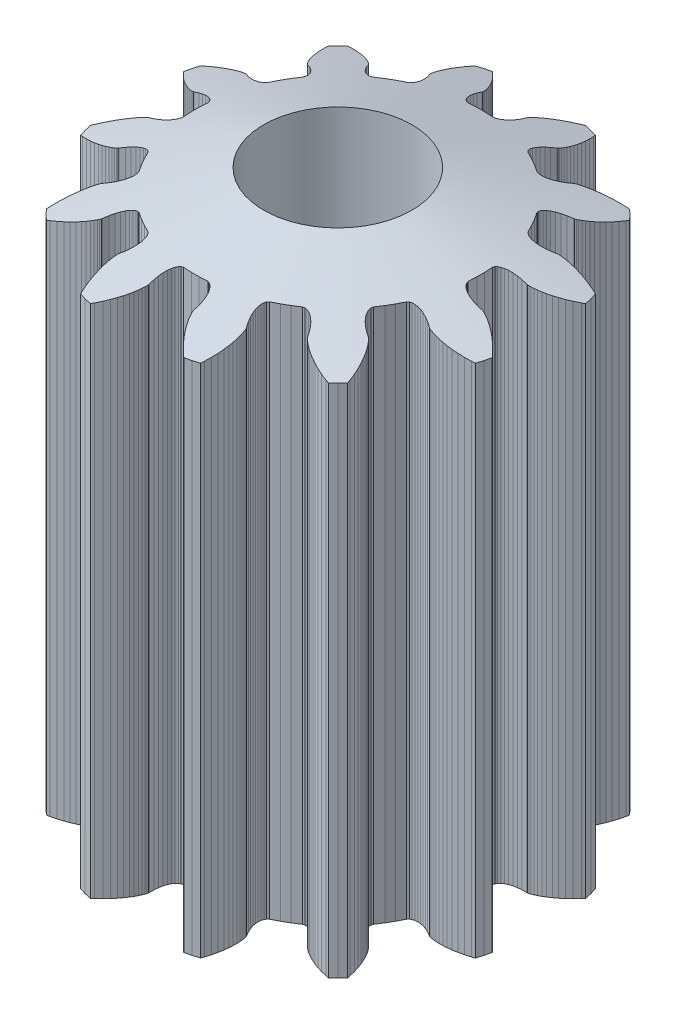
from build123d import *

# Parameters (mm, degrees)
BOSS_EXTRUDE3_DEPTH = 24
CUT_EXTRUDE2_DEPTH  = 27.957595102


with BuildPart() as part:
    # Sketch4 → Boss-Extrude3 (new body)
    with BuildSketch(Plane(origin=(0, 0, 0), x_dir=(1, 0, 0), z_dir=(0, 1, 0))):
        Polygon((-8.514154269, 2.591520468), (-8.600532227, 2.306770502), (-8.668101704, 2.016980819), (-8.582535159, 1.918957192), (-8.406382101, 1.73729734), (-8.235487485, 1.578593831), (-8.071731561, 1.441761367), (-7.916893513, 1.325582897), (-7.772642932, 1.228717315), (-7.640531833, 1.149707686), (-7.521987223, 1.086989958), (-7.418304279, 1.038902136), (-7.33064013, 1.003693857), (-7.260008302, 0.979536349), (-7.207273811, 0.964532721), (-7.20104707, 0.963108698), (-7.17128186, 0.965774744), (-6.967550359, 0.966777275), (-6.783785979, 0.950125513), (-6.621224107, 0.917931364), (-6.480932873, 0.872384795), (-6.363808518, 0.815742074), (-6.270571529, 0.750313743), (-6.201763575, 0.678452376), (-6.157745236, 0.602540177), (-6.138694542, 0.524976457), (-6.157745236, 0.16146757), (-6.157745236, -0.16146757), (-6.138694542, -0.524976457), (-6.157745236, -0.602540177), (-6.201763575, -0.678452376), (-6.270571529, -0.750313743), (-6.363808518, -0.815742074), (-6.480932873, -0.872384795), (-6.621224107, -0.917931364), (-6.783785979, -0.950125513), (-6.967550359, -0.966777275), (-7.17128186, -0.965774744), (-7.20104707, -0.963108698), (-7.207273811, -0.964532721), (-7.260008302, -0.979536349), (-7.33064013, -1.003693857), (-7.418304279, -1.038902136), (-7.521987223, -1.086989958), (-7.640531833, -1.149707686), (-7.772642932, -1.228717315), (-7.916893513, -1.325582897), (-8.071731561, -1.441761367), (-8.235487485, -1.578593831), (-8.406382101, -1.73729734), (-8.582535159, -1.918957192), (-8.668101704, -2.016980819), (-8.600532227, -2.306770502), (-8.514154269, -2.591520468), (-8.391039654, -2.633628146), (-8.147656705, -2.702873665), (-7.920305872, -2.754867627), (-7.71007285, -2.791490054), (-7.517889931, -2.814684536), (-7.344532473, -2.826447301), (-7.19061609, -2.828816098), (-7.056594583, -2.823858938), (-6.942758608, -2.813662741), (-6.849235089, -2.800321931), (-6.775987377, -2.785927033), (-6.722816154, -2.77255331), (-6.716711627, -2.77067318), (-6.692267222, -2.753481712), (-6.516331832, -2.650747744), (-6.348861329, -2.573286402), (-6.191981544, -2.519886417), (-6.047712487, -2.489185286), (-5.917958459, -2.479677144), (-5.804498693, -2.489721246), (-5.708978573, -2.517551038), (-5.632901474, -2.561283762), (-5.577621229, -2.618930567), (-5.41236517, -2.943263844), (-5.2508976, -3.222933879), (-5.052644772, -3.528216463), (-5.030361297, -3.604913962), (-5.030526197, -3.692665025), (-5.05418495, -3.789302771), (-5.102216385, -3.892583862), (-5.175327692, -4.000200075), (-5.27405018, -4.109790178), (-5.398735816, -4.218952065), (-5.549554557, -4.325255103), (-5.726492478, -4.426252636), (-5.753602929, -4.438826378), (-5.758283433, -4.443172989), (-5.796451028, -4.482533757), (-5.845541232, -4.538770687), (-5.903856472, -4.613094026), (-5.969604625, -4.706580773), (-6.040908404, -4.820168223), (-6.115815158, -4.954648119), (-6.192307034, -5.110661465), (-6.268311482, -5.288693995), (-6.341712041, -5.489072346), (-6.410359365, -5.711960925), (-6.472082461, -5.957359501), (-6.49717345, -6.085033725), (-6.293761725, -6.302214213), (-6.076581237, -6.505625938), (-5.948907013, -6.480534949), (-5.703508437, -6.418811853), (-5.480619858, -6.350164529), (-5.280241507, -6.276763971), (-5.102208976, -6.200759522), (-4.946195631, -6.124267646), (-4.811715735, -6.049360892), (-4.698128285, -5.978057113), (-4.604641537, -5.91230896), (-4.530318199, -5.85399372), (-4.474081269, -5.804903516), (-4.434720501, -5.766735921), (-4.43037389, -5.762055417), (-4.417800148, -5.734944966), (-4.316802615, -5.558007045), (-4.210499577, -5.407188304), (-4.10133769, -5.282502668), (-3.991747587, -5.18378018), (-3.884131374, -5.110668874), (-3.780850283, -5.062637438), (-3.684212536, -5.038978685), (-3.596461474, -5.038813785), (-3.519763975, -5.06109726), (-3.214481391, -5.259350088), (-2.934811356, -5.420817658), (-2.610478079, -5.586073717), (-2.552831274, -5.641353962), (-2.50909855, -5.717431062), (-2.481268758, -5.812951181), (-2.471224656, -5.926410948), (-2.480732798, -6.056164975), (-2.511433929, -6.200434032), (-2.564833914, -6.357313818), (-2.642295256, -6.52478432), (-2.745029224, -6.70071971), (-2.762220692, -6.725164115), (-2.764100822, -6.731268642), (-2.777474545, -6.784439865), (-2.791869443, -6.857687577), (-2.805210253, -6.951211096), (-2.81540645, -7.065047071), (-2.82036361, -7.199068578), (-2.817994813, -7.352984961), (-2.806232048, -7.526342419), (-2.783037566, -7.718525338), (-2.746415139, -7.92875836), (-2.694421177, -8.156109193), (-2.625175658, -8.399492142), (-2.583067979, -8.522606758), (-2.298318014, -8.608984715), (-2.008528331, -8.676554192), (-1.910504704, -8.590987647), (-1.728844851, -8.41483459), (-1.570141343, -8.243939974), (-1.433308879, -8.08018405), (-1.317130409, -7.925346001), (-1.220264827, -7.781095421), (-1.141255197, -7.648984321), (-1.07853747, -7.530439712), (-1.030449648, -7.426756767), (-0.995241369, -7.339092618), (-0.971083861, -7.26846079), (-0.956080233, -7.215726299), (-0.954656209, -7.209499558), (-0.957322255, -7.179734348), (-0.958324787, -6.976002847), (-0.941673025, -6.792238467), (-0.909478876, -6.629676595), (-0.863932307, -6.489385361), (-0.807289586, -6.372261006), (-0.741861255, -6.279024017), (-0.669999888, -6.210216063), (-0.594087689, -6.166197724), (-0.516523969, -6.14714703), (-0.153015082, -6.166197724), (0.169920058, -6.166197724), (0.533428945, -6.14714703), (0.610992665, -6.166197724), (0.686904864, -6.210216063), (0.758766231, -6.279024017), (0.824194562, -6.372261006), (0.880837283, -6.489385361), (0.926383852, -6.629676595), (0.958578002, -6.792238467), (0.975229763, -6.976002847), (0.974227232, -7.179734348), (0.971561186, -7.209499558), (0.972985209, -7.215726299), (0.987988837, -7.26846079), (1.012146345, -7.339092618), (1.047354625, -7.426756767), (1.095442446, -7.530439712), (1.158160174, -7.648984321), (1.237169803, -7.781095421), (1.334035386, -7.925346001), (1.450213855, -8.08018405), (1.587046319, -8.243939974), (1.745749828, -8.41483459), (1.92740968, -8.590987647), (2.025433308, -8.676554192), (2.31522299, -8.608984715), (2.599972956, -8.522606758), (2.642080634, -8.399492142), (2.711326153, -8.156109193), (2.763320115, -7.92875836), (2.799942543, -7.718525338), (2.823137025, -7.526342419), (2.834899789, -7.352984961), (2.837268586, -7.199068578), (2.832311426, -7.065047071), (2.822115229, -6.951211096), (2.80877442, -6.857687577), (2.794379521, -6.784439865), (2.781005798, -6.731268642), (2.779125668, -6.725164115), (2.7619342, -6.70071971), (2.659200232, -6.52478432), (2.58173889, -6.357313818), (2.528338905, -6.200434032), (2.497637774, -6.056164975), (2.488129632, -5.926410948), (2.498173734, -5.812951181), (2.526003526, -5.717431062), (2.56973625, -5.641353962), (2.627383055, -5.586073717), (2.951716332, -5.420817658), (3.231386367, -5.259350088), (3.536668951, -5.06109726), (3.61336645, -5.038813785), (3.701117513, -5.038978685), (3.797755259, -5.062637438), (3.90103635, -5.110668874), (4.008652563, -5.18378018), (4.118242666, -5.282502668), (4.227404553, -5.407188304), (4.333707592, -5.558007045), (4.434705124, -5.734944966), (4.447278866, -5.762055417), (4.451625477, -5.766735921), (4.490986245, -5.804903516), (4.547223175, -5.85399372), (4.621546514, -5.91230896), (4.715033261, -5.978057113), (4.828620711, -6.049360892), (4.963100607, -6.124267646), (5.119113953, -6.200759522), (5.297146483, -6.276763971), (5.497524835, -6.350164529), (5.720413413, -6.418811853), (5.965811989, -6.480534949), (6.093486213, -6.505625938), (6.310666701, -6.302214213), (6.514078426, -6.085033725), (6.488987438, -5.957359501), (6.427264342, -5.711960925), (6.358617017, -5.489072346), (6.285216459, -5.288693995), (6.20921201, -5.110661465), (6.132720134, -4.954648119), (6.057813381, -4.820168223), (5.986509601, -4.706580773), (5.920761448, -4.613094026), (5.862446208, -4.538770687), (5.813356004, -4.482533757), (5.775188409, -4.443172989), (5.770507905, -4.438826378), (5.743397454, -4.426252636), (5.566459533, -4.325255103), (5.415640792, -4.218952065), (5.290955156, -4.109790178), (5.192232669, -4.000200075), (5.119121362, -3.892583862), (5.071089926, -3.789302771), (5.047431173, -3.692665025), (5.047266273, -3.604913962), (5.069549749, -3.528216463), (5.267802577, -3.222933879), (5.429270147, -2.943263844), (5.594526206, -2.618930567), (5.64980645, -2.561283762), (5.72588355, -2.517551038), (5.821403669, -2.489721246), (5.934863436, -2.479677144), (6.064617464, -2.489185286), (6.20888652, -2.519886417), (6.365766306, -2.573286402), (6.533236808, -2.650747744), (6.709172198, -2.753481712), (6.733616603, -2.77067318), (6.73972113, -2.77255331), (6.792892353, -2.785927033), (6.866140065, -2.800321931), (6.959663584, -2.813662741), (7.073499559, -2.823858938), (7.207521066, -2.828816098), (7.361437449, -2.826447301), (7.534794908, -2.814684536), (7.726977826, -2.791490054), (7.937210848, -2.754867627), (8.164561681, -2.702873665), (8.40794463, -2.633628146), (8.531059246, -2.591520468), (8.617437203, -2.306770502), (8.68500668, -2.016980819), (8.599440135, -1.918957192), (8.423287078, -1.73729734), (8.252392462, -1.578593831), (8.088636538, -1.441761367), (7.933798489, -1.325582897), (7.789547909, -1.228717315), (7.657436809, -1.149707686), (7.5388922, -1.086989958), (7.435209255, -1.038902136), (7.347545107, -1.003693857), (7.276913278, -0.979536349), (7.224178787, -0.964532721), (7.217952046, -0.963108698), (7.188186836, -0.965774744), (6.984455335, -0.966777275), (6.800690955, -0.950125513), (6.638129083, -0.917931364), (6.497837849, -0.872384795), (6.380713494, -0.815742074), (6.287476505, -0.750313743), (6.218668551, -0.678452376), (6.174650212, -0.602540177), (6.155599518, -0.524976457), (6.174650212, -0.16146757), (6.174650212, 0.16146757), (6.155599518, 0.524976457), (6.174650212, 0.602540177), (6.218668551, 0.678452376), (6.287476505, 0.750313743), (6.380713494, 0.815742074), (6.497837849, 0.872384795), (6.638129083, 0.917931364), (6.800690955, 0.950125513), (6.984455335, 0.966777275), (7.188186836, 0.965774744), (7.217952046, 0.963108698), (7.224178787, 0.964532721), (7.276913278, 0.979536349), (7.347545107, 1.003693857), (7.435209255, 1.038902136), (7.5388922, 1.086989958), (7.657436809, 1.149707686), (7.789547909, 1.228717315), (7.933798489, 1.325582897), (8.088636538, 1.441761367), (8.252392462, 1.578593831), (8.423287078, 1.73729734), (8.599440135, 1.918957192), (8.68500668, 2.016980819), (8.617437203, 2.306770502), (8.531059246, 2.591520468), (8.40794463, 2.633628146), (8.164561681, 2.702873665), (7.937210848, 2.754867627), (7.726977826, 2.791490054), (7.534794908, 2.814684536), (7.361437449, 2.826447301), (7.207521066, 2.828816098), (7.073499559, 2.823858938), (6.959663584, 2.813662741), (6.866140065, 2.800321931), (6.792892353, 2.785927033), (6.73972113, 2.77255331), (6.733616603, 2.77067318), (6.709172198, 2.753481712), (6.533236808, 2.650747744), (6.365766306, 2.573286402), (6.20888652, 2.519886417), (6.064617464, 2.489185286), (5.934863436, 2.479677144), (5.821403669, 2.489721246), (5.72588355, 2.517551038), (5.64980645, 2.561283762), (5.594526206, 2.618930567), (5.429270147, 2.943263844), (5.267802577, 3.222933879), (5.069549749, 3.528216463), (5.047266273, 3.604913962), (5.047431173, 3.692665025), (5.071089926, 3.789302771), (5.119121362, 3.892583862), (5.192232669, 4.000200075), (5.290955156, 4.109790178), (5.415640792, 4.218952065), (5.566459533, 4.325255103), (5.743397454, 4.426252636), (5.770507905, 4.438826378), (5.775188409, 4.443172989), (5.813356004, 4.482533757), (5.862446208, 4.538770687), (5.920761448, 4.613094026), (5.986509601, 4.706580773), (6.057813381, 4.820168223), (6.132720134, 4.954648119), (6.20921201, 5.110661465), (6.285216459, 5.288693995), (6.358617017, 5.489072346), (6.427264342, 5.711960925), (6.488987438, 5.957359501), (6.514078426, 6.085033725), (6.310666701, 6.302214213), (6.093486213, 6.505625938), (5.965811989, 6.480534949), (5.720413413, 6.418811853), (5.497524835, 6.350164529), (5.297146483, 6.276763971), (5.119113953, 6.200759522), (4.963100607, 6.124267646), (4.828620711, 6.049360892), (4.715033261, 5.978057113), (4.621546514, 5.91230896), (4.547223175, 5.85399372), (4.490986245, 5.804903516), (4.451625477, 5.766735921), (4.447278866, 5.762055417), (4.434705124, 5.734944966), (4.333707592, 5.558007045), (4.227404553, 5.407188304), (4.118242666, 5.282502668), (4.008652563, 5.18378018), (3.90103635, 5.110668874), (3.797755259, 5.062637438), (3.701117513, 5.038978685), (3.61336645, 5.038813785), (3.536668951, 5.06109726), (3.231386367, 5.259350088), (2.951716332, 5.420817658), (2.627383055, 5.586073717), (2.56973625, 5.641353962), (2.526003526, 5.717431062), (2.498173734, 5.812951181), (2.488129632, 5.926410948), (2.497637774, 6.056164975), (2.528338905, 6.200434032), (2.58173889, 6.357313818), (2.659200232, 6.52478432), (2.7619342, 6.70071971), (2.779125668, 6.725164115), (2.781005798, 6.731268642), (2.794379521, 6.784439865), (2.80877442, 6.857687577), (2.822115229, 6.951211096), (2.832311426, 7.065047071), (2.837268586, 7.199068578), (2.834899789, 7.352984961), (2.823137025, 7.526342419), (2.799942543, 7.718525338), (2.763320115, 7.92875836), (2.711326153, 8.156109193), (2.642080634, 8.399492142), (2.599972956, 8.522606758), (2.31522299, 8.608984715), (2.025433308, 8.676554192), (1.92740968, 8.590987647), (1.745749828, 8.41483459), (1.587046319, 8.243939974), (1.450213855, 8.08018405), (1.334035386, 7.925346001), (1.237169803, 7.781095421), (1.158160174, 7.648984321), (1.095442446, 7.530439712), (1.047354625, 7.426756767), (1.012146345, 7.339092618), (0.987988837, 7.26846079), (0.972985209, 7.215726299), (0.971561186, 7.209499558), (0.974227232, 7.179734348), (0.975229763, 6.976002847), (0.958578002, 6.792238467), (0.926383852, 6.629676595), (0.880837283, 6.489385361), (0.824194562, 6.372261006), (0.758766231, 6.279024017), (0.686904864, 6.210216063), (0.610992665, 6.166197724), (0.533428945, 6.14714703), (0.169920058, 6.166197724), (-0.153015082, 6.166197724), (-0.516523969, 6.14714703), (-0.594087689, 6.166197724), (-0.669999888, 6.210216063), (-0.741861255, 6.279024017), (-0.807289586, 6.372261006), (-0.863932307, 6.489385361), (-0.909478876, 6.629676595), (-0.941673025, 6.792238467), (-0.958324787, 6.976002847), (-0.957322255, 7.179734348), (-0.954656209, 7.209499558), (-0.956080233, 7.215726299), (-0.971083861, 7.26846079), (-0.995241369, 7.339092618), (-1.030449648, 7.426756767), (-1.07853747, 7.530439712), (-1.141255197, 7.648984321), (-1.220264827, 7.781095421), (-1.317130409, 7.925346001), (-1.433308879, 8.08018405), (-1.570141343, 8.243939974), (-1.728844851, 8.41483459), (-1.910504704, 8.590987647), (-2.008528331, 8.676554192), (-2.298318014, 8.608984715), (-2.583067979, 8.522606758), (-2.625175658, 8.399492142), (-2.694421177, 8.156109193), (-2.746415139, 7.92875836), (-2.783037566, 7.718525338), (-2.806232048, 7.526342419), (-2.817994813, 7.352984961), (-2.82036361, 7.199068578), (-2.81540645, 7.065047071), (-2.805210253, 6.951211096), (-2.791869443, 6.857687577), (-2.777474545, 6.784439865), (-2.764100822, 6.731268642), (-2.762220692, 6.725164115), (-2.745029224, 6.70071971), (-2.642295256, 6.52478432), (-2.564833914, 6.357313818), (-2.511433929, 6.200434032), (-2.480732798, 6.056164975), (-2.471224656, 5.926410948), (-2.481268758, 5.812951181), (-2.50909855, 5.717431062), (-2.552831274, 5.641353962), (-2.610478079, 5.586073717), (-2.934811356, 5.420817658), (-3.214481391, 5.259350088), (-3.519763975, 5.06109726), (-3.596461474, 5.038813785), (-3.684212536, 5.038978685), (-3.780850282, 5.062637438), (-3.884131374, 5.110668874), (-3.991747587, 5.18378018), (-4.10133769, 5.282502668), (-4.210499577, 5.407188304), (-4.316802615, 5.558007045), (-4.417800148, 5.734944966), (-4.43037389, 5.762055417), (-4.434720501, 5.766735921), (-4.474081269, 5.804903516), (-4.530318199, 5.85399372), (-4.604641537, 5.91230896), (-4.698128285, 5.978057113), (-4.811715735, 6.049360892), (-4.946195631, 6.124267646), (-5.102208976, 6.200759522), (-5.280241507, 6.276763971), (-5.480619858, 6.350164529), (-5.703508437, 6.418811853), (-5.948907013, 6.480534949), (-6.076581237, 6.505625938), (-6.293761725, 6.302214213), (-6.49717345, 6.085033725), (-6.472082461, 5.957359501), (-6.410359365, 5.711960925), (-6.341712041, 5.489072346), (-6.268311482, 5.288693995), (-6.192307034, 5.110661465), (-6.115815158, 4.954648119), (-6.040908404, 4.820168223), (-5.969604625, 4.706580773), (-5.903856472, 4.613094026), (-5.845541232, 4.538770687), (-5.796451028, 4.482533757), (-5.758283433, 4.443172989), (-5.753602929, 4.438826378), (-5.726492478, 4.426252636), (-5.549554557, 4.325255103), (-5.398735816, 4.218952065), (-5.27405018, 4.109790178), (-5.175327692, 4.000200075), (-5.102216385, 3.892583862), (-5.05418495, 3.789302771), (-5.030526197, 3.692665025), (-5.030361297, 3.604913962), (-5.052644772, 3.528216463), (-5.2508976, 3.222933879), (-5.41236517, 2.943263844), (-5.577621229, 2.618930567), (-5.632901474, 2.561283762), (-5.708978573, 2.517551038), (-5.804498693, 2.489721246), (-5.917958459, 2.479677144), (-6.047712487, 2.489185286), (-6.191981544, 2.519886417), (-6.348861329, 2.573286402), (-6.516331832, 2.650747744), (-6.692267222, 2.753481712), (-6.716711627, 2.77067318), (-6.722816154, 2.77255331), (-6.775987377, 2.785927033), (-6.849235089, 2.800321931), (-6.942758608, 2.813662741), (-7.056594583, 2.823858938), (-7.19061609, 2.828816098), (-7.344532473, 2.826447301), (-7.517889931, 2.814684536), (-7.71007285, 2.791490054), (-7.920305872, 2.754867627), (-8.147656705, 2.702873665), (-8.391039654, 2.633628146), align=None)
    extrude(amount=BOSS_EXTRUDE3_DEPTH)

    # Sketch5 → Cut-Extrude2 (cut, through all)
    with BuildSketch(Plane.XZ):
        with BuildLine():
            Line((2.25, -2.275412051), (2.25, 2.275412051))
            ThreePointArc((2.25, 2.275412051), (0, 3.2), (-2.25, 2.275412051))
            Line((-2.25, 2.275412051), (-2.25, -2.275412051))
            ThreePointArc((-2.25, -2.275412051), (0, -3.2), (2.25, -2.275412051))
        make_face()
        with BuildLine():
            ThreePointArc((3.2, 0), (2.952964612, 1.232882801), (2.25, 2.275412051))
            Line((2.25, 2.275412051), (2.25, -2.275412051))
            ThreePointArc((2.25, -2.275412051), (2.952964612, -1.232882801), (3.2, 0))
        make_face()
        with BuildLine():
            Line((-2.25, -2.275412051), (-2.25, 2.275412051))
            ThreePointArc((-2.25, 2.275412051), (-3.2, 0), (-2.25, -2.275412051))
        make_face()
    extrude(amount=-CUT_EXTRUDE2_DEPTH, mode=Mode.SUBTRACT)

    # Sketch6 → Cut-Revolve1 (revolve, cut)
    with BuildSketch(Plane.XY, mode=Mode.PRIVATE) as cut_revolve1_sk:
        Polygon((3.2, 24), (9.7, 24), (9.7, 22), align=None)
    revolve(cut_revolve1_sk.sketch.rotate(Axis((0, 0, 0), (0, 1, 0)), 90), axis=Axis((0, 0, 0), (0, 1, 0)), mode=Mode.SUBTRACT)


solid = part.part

=======

What the task asks.
Tally the lines in the records that contain the word "with"; the answer is that number and nothing more.

Written response.
7